The interpretation of treatment effect as significant or insignificant is also problematic (Kraemer and Kupfer, Reference Kraemer and Kupfer2006). For example, the authors report that for weight outcomes at EOT g = 0.16 with a 95% CI (0.05–0.28) as a significant treatment effect (P = 0.006), but found at follow-up g = 0.11, with a 95% confidence interval (CI) (−0.04 to –0.27) interpreted as not significant based on the p value (p = 0.15), although the CIs are almost completely overlapping (Kraemer, Reference Kraemer2017). It is very unlikely that these treatment effects differ from each other. Either both indicate an advantage of specialized treatment or neither does. Further, as the authors noted, attrition rates are considerably high (20–40%), which is particularly true in long-term follow-ups. Given limited resources and difficulties in recruiting a large number of subjects, unless the studies aim for the outcomes at these follow-up assessments as primary end points, the studies are most likely underpowered to detect treatment effects at follow-ups.
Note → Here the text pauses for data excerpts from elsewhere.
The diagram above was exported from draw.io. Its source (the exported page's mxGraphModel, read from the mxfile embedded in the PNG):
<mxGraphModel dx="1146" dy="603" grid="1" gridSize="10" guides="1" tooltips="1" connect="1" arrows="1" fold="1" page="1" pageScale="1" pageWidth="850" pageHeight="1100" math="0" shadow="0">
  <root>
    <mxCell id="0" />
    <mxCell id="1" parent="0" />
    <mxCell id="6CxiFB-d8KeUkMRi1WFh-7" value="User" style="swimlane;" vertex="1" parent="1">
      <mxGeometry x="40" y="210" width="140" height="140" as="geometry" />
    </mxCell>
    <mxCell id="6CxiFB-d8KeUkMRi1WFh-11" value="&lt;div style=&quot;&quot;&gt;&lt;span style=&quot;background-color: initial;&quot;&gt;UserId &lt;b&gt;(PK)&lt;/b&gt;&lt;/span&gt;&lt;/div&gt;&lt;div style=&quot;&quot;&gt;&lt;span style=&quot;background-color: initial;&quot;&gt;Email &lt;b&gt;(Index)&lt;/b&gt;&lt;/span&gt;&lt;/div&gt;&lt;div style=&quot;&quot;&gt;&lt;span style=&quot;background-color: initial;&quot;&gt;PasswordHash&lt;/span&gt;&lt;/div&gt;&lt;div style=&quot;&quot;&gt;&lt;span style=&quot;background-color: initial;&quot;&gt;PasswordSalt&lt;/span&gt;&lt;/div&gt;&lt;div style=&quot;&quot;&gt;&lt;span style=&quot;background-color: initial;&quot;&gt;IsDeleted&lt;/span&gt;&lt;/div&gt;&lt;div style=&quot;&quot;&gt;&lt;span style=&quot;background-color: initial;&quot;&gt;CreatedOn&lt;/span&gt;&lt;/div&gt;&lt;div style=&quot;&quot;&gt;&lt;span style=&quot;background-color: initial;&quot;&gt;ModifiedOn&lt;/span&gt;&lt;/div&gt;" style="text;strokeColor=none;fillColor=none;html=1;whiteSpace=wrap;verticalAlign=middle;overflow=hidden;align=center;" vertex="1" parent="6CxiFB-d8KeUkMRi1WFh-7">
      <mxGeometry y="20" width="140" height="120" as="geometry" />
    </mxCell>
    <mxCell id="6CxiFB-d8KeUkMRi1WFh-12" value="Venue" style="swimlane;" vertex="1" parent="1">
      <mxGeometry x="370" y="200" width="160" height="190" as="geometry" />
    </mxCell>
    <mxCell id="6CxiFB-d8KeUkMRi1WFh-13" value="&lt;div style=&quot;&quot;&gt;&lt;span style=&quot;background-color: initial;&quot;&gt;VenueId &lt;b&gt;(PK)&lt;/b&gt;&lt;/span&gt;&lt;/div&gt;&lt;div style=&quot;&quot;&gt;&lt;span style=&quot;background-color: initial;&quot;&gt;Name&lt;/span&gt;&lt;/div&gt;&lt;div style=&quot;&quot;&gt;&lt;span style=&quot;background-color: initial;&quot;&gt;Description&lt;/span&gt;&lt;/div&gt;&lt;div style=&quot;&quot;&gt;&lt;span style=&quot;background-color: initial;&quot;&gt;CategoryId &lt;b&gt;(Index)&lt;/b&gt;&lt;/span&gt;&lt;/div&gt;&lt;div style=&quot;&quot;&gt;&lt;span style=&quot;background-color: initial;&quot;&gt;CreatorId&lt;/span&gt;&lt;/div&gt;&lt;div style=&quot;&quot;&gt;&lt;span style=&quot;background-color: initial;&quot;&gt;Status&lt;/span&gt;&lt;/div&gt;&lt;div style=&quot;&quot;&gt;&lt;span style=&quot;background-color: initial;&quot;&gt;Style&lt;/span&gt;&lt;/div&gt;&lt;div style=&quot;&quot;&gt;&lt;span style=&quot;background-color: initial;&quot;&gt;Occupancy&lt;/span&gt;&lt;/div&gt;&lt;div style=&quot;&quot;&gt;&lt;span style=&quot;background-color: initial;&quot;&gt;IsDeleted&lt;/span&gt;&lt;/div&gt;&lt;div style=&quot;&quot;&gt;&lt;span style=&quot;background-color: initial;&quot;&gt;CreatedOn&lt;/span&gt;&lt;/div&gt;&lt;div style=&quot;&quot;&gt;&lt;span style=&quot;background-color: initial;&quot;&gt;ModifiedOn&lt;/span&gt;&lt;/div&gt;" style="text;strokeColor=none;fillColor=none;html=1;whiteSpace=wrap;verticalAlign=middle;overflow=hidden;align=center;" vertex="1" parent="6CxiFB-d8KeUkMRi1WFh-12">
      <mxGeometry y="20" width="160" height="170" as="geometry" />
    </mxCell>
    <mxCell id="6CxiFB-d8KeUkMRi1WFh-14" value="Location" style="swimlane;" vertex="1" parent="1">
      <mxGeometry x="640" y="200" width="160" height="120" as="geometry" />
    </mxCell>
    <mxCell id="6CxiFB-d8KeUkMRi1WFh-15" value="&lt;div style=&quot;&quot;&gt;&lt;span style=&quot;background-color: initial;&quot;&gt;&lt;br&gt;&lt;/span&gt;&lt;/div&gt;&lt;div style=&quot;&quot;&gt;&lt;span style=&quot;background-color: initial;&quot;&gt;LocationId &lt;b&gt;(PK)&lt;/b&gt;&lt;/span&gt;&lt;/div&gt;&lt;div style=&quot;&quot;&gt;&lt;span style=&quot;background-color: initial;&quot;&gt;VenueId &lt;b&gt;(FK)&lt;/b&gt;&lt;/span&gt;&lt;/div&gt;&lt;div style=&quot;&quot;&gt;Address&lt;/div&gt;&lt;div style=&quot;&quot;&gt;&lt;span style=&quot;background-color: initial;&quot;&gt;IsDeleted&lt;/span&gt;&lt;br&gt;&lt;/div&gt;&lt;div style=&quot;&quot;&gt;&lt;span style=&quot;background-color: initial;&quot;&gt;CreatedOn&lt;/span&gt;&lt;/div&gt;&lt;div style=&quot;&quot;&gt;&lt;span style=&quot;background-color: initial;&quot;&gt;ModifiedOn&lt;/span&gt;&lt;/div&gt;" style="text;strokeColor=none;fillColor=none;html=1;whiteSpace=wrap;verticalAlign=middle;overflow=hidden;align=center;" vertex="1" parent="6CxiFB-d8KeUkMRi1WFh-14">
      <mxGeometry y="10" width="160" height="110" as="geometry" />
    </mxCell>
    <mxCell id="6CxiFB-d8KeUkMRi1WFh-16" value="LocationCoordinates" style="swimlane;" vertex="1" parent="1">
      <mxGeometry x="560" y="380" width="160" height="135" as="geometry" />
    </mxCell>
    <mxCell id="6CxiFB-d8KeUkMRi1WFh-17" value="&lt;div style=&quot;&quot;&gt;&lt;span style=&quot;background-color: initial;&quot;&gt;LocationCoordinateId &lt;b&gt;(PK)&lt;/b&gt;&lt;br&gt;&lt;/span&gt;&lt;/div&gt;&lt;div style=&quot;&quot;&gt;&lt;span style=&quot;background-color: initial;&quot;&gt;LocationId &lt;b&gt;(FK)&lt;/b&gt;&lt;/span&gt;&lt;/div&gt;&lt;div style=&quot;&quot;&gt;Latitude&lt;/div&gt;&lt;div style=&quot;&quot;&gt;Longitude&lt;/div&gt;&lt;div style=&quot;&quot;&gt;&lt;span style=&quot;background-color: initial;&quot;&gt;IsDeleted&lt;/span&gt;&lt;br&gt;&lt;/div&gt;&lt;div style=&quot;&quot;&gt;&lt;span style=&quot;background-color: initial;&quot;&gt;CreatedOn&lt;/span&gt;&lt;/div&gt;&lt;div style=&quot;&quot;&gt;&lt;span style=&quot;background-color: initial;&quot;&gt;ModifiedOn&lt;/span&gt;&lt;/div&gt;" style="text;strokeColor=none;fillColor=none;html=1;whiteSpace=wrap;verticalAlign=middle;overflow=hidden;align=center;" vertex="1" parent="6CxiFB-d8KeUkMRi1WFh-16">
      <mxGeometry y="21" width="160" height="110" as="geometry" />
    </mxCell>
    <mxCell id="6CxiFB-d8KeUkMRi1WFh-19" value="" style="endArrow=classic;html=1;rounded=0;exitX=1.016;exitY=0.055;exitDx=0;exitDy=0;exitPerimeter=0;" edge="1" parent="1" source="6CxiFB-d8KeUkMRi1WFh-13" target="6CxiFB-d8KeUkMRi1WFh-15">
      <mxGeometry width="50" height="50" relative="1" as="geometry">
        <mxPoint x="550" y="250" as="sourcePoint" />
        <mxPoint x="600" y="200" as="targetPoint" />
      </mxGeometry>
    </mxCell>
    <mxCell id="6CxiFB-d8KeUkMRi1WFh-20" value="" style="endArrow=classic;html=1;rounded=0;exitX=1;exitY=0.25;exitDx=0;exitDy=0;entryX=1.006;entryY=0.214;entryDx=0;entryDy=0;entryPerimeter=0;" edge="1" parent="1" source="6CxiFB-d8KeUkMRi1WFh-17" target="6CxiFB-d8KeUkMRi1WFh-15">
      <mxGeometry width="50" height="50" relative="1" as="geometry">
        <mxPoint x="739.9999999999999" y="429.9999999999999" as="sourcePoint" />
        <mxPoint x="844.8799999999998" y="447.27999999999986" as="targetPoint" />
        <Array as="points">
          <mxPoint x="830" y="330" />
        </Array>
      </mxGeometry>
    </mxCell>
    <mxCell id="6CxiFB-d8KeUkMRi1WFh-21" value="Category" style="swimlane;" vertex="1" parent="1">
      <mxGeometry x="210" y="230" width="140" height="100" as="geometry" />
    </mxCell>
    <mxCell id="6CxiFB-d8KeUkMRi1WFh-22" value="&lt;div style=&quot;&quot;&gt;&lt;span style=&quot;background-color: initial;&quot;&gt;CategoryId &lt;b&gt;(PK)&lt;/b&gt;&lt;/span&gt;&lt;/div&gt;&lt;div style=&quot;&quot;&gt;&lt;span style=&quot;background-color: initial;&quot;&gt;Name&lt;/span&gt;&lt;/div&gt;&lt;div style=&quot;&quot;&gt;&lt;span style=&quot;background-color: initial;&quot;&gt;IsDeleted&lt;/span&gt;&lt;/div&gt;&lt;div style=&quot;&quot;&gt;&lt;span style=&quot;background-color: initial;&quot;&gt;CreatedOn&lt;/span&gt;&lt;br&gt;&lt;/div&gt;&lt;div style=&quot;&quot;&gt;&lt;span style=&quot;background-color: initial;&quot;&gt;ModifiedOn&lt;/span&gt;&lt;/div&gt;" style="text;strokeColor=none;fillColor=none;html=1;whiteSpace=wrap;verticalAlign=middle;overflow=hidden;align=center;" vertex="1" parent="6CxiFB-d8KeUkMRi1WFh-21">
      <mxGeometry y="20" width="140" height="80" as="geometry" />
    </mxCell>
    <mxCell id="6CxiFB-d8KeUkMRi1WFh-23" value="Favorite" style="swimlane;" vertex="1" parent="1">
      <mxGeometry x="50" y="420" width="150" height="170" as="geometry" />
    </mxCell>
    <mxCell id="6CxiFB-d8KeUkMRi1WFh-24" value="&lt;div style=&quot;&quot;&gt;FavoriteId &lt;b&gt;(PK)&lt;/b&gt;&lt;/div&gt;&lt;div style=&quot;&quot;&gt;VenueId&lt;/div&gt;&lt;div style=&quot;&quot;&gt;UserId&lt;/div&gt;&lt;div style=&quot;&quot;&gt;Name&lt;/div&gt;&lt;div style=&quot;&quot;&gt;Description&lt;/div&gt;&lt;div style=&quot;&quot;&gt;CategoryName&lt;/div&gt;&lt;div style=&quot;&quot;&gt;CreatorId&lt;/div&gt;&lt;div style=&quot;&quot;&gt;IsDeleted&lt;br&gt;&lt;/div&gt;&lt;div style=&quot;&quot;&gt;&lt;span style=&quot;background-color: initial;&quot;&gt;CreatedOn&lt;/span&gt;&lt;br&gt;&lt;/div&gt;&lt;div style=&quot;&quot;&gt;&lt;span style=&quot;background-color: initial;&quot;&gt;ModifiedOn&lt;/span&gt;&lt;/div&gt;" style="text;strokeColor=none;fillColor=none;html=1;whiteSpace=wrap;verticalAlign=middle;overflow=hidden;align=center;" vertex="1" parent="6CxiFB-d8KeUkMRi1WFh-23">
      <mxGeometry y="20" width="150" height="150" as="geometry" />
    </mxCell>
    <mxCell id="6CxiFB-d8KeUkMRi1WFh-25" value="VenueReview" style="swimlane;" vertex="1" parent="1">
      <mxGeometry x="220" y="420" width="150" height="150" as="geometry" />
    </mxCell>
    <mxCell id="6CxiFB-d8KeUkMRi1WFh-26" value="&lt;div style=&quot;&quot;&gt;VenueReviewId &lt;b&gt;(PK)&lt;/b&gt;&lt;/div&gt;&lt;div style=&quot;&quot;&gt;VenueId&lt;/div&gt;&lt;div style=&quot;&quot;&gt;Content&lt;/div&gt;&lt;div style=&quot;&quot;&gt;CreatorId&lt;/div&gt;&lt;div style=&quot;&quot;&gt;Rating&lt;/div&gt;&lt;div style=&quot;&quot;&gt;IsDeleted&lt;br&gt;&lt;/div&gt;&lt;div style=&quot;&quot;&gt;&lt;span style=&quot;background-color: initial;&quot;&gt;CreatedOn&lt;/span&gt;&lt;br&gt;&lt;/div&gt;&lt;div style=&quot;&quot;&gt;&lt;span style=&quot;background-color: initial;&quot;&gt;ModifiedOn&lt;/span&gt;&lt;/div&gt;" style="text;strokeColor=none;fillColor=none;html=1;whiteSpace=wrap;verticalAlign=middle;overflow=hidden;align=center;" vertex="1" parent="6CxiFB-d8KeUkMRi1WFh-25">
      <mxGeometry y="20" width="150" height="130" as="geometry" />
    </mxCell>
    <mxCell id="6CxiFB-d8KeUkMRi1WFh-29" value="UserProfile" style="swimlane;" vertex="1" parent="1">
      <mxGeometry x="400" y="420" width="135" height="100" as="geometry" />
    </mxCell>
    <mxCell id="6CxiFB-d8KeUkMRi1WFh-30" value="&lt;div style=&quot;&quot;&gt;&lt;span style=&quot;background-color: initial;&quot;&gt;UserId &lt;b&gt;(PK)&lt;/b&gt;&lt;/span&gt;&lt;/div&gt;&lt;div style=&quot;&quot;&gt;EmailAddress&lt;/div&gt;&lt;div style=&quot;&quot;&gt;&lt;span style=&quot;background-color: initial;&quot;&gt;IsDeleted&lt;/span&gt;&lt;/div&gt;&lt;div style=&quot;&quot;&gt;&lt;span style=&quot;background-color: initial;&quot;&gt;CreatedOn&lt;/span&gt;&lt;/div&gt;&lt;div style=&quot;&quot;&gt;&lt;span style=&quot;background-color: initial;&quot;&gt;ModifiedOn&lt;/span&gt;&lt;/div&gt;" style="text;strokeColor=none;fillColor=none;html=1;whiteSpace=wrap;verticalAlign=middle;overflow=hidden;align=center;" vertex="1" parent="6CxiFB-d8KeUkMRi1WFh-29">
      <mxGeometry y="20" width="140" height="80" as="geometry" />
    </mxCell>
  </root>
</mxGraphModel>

Why does all of this matter beyond considerations of improving meta-analytic methods? When a meta-analysis is conducted with the kinds of problems that this one has and thereby reaches conclusions that are questionable, unintended consequences may follow. Meta-analyses are necessary to determine whether consensus has been reached on a particular research question, thus either encouraging or discouraging further research on that question, and providing the evidence base for clinical decision-making. Consequently meta-analyses often have high impact. In this case, the concern is that patients and families will interpret these findings as suggesting that no treatment is effective for AN and either not seek treatment or not seek treatments that actually have an evidence base. At the same time, clinicians could interpret these results as suggesting that there is no reason to learn the evidence-based treatments available for AN and therefore patients will have even more limited access to effective treatment. Finally, researchers will be discouraged from further research on such questions, assuring that any erroneous conclusions here will never be corrected. These are major burdens that those who conduct meta-analyses need to keep in mind when they design, interpret, and publish meta-analyses related to treatment effectiveness.